После появления многих работ была опубликована статья Н. Г. Залкинд, основанная на описании небольшого краниологического материала из известного Салбыкского кургана, но в ней вопросы генезиса тыштыкского населения не были затронуты, да и материал, находившийся в распоряжении автора, был крайне мал и фрагментарен 11.

Физические признаки таштыкского населения выявляются особенно четко при сопоставлении с предшествовавшими ему тагарцами. Таштыкцы отличались от тагарцев более грацильным черепом, заметно более низким и круглым. Рельеф черепа развит у таштыкцев меньше, чем у тагарцев. Лицо было у них одинаковой с тагарцами высоты, но более узкое. Однако с этими признаками соединялась большая уплощенность лица и уплощенность носа — факт в высшей степени странный, так как эти признаки характерны для монголоидов, а монголоидной расе в целом свойствен большой размер лица. Открытие низколицых монголоидов разрешило эти недоумения лишь частично, так как таштыкское население отличалось от тагарского не только малой высотой, но и малой шириной лица. Полностью эта странность была объяснена лишь тогда, когда были открыты в составе древнего населения Юяшой и Западной Сибири антропологические варианты, объединившие в своих физических особенностях достаточно четкую выраженность монголоидных черт с малыми размерами лицевого скелета. Кстати сказать, отмечепа была такая комбинация антропологических признаков у синхронного таштыкскому населения лесного Алтая, о котором можно судить по серии скелетов, добытых при раскопках М. П. Грязнова в урочище Ближние Елбаны 12.

Эта линия сопоставлений и послужила основанием для сближения таштыкской серии с лесными монголоидами и для гипотезы происхождения таштыкского населения из двух основных компонентов — тагарского и лесного монголоидного по своему антропологическому типу.

Преобладающая примесь лесного компонента нисколько не предопределяет сама по себе альтернативпое решение вопроса о происхождении монголоидпой примеси вообще. Обнаружение в таштыкских могилах отдельных черепов, на которых комплекс центральноазиатских черт выражен чрезвычайно отчетливо, может считаться доказанным фактом. Правда, в таштыкской серии такие черепа единичны, а следовательно, и центральноазиатская примесь невелика.

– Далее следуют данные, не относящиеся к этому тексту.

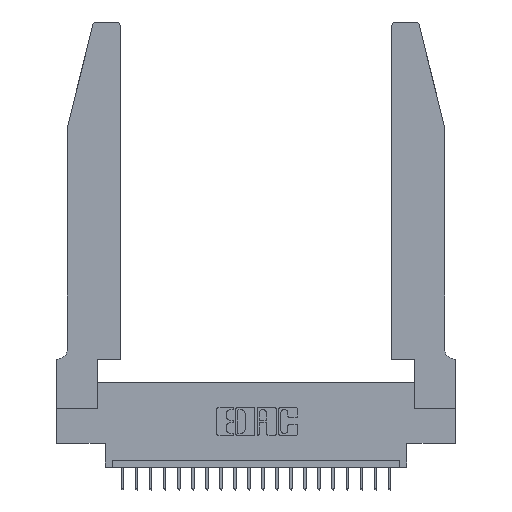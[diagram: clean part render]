
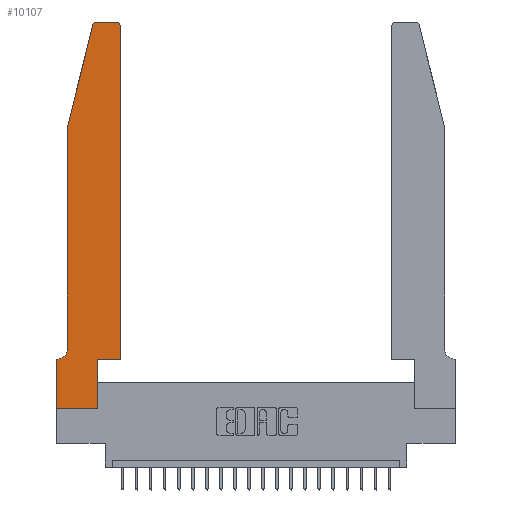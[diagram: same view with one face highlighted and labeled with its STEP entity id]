
A CAD part, top view. The second image highlights one B-rep face of the part: STEP entity #10107.
In plain terms, the highlighted planar face has unit normal (0, 0, 1).
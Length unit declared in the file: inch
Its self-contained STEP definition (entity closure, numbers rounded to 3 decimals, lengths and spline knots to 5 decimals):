
#147 = EDGE_CURVE ( 'NONE', #4366, #13114, #8601, .T. ) ;
#347 = CARTESIAN_POINT ( 'NONE',  ( 0.0755, 0.42, 0.37 ) ) ;
#592 = AXIS2_PLACEMENT_3D ( 'NONE', #3495, #10633, #2213 ) ;
#613 = LINE ( 'NONE', #19997, #9535 ) ;
#801 = VECTOR ( 'NONE', #4872, 39.37008 ) ;
#1008 = VERTEX_POINT ( 'NONE', #17484 ) ;
#1319 = CARTESIAN_POINT ( 'NONE',  ( 0.0755, 2., 0.37 ) ) ;
#1455 = EDGE_CURVE ( 'NONE', #2574, #7156, #18520, .T. ) ;
#1511 = DIRECTION ( 'NONE',  ( 1., 0., 0. ) ) ;
#1713 = ORIENTED_EDGE ( 'NONE', *, *, #19864, .T. ) ;
#1783 = DIRECTION ( 'NONE',  ( 0., -1., 0. ) ) ;
#1933 = EDGE_CURVE ( 'NONE', #10683, #13393, #16274, .T. ) ;
#2213 = DIRECTION ( 'NONE',  ( -1., 0., 0. ) ) ;
#2266 = DIRECTION ( 'NONE',  ( 0., 0., 1. ) ) ;
#2345 = PLANE ( 'NONE',  #7573 ) ;
#2574 = VERTEX_POINT ( 'NONE', #10225 ) ;
#2619 = ORIENTED_EDGE ( 'NONE', *, *, #14502, .T. ) ;
#3216 = CARTESIAN_POINT ( 'NONE',  ( 0.284, 2.75, 0.37 ) ) ;
#3473 = LINE ( 'NONE', #13245, #14873 ) ;
#3495 = CARTESIAN_POINT ( 'NONE',  ( 0.0055, 0.42, 0.37 ) ) ;
#3514 = EDGE_CURVE ( 'NONE', #7156, #1008, #16419, .T. ) ;
#3764 = CARTESIAN_POINT ( 'NONE',  ( 0., 0.35, 0.37 ) ) ;
#4284 = VECTOR ( 'NONE', #18099, 39.37008 ) ;
#4366 = VERTEX_POINT ( 'NONE', #22050 ) ;
#4724 = DIRECTION ( 'NONE',  ( 1., 0., 0. ) ) ;
#4872 = DIRECTION ( 'NONE',  ( 1., 0., 0. ) ) ;
#4882 = DIRECTION ( 'NONE',  ( 0., 0., 1. ) ) ;
#4927 = EDGE_LOOP ( 'NONE', ( #7428, #17126, #15197, #2619, #10262, #1713, #22378, #5031, #17783, #12206, #17019, #19423 ) ) ;
#5031 = ORIENTED_EDGE ( 'NONE', *, *, #147, .T. ) ;
#5448 = EDGE_CURVE ( 'NONE', #17884, #20372, #11360, .T. ) ;
#6059 = CARTESIAN_POINT ( 'NONE',  ( 0., 0.35, 0.37 ) ) ;
#6329 = AXIS2_PLACEMENT_3D ( 'NONE', #13861, #12171, #1511 ) ;
#6383 = DIRECTION ( 'NONE',  ( 1., 0., 0. ) ) ;
#6740 = CARTESIAN_POINT ( 'NONE',  ( 0.2865, 0., 0.37 ) ) ;
#6776 = FACE_OUTER_BOUND ( 'NONE', #4927, .T. ) ;
#7125 = CARTESIAN_POINT ( 'NONE',  ( 0.0755, 2., 0.37 ) ) ;
#7156 = VERTEX_POINT ( 'NONE', #12305 ) ;
#7302 = CARTESIAN_POINT ( 'NONE',  ( 0.2865, 0.35, 0.37 ) ) ;
#7428 = ORIENTED_EDGE ( 'NONE', *, *, #15136, .T. ) ;
#7573 = AXIS2_PLACEMENT_3D ( 'NONE', #6059, #2266, #18550 ) ;
#7973 = LINE ( 'NONE', #21640, #8263 ) ;
#8263 = VECTOR ( 'NONE', #10946, 39.37008 ) ;
#8578 = EDGE_CURVE ( 'NONE', #13114, #11583, #8732, .T. ) ;
#8601 = LINE ( 'NONE', #19720, #801 ) ;
#8631 = CARTESIAN_POINT ( 'NONE',  ( 0.4505, 0.35, 0.37 ) ) ;
#8732 = LINE ( 'NONE', #7302, #4284 ) ;
#9376 = LINE ( 'NONE', #1319, #14405 ) ;
#9535 = VECTOR ( 'NONE', #12979, 39.37008 ) ;
#9977 = VECTOR ( 'NONE', #20002, 39.37008 ) ;
#10107 = ADVANCED_FACE ( 'NONE', ( #6776 ), #2345, .T. ) ;
#10225 = CARTESIAN_POINT ( 'NONE',  ( 0.4505, 0.35, 0.37 ) ) ;
#10245 = LINE ( 'NONE', #16690, #9977 ) ;
#10262 = ORIENTED_EDGE ( 'NONE', *, *, #1933, .T. ) ;
#10633 = DIRECTION ( 'NONE',  ( 0., 0., -1. ) ) ;
#10683 = VERTEX_POINT ( 'NONE', #347 ) ;
#10703 = EDGE_CURVE ( 'NONE', #20372, #17014, #613, .T. ) ;
#10946 = DIRECTION ( 'NONE',  ( -1., 0., 0. ) ) ;
#11180 = CARTESIAN_POINT ( 'NONE',  ( 0.25487, 2.72718, 0.37 ) ) ;
#11360 = CIRCLE ( 'NONE', #6329, 0.03 ) ;
#11583 = VERTEX_POINT ( 'NONE', #15051 ) ;
#12171 = DIRECTION ( 'NONE',  ( 0., 0., 1. ) ) ;
#12206 = ORIENTED_EDGE ( 'NONE', *, *, #16732, .T. ) ;
#12305 = CARTESIAN_POINT ( 'NONE',  ( 0.4505, 2.72, 0.37 ) ) ;
#12979 = DIRECTION ( 'NONE',  ( -0.239, -0.971, 0. ) ) ;
#13114 = VERTEX_POINT ( 'NONE', #6740 ) ;
#13245 = CARTESIAN_POINT ( 'NONE',  ( 0.0755, 0.35, 0.37 ) ) ;
#13393 = VERTEX_POINT ( 'NONE', #17157 ) ;
#13861 = CARTESIAN_POINT ( 'NONE',  ( 0.284, 2.72, 0.37 ) ) ;
#14405 = VECTOR ( 'NONE', #1783, 39.37008 ) ;
#14502 = EDGE_CURVE ( 'NONE', #17014, #10683, #9376, .T. ) ;
#14873 = VECTOR ( 'NONE', #17149, 39.37008 ) ;
#15038 = VECTOR ( 'NONE', #6383, 39.37008 ) ;
#15051 = CARTESIAN_POINT ( 'NONE',  ( 0.2865, 0.35, 0.37 ) ) ;
#15136 = EDGE_CURVE ( 'NONE', #1008, #17884, #7973, .T. ) ;
#15190 = CARTESIAN_POINT ( 'NONE',  ( 0.4505, 0.35, 0.37 ) ) ;
#15197 = ORIENTED_EDGE ( 'NONE', *, *, #10703, .T. ) ;
#16124 = AXIS2_PLACEMENT_3D ( 'NONE', #20743, #4882, #4724 ) ;
#16274 = CIRCLE ( 'NONE', #592, 0.07 ) ;
#16419 = CIRCLE ( 'NONE', #16124, 0.03 ) ;
#16583 = VECTOR ( 'NONE', #18139, 39.37008 ) ;
#16690 = CARTESIAN_POINT ( 'NONE',  ( 0., 0., 0.37 ) ) ;
#16732 = EDGE_CURVE ( 'NONE', #11583, #2574, #21866, .T. ) ;
#17014 = VERTEX_POINT ( 'NONE', #7125 ) ;
#17019 = ORIENTED_EDGE ( 'NONE', *, *, #1455, .T. ) ;
#17126 = ORIENTED_EDGE ( 'NONE', *, *, #5448, .T. ) ;
#17149 = DIRECTION ( 'NONE',  ( -1., 0., 0. ) ) ;
#17157 = CARTESIAN_POINT ( 'NONE',  ( 0.0055, 0.35, 0.37 ) ) ;
#17169 = EDGE_CURVE ( 'NONE', #20825, #4366, #10245, .T. ) ;
#17484 = CARTESIAN_POINT ( 'NONE',  ( 0.4205, 2.75, 0.37 ) ) ;
#17783 = ORIENTED_EDGE ( 'NONE', *, *, #8578, .T. ) ;
#17884 = VERTEX_POINT ( 'NONE', #3216 ) ;
#18099 = DIRECTION ( 'NONE',  ( 0., 1., 0. ) ) ;
#18139 = DIRECTION ( 'NONE',  ( 0., 1., 0. ) ) ;
#18520 = LINE ( 'NONE', #8631, #16583 ) ;
#18550 = DIRECTION ( 'NONE',  ( 1., 0., 0. ) ) ;
#19423 = ORIENTED_EDGE ( 'NONE', *, *, #3514, .T. ) ;
#19720 = CARTESIAN_POINT ( 'NONE',  ( 0., 0., 0.37 ) ) ;
#19864 = EDGE_CURVE ( 'NONE', #13393, #20825, #3473, .T. ) ;
#19997 = CARTESIAN_POINT ( 'NONE',  ( 0.0755, 2., 0.37 ) ) ;
#20002 = DIRECTION ( 'NONE',  ( 0., -1., 0. ) ) ;
#20372 = VERTEX_POINT ( 'NONE', #11180 ) ;
#20743 = CARTESIAN_POINT ( 'NONE',  ( 0.4205, 2.72, 0.37 ) ) ;
#20825 = VERTEX_POINT ( 'NONE', #3764 ) ;
#21640 = CARTESIAN_POINT ( 'NONE',  ( 0.2605, 2.75, 0.37 ) ) ;
#21866 = LINE ( 'NONE', #15190, #15038 ) ;
#22050 = CARTESIAN_POINT ( 'NONE',  ( 0., 0., 0.37 ) ) ;
#22378 = ORIENTED_EDGE ( 'NONE', *, *, #17169, .T. ) ;

Возникает вопрос о времени, когда лесной и центральноазиатский компонепты примешивались к коренному тагарскому населению. Проникновение центральноазиатского компонента можно датировать VII — VI вв. до н. э., так как уже в составе населения первой стадии тагарской культуры есть небольшая монголоидная примесь. Но она как бы распылена по отдельным признакам на единичных черепах, и поэтому судить о ее происхождении трудно. То же самое можно сказать и про черепа второй стадии. Можно утверждать, что среди нескольких сот черепов из погребений тагарской культуры нет ни одного, центрально-азиатские черты которого были бы так же неоспоримы, как центрально-азиатские особенности таштыкских черепов, описанных в моей работе 1954 г. Таким образом, приток центральноазиатского населения продолжался постоянно на протяжении бытования таштыкской культуры. Прибывшие люди настолько резко отличались от местных по своим физическим признакам, что при смешении с ними они, несомненно, теряли, хотя бы частично, свою антропологическую специфику уже в первом поколении после начала смешения. Мы же сталкиваемся в таштыкском населении с несомненными центральноазиатскими монголоидами без всякой европеоидной примеси, несомненными пришельцами из Центральной Азии, еще не испытавшими влияния смешения с местным европеоидным населением. Итак, начало проникновения этих пришельцев в Минусинские степи пока нет антропологических оснований датировать более ранним временем, чем III—II вв. до н. э., т. е. эпохой сложения таштыкской культуры.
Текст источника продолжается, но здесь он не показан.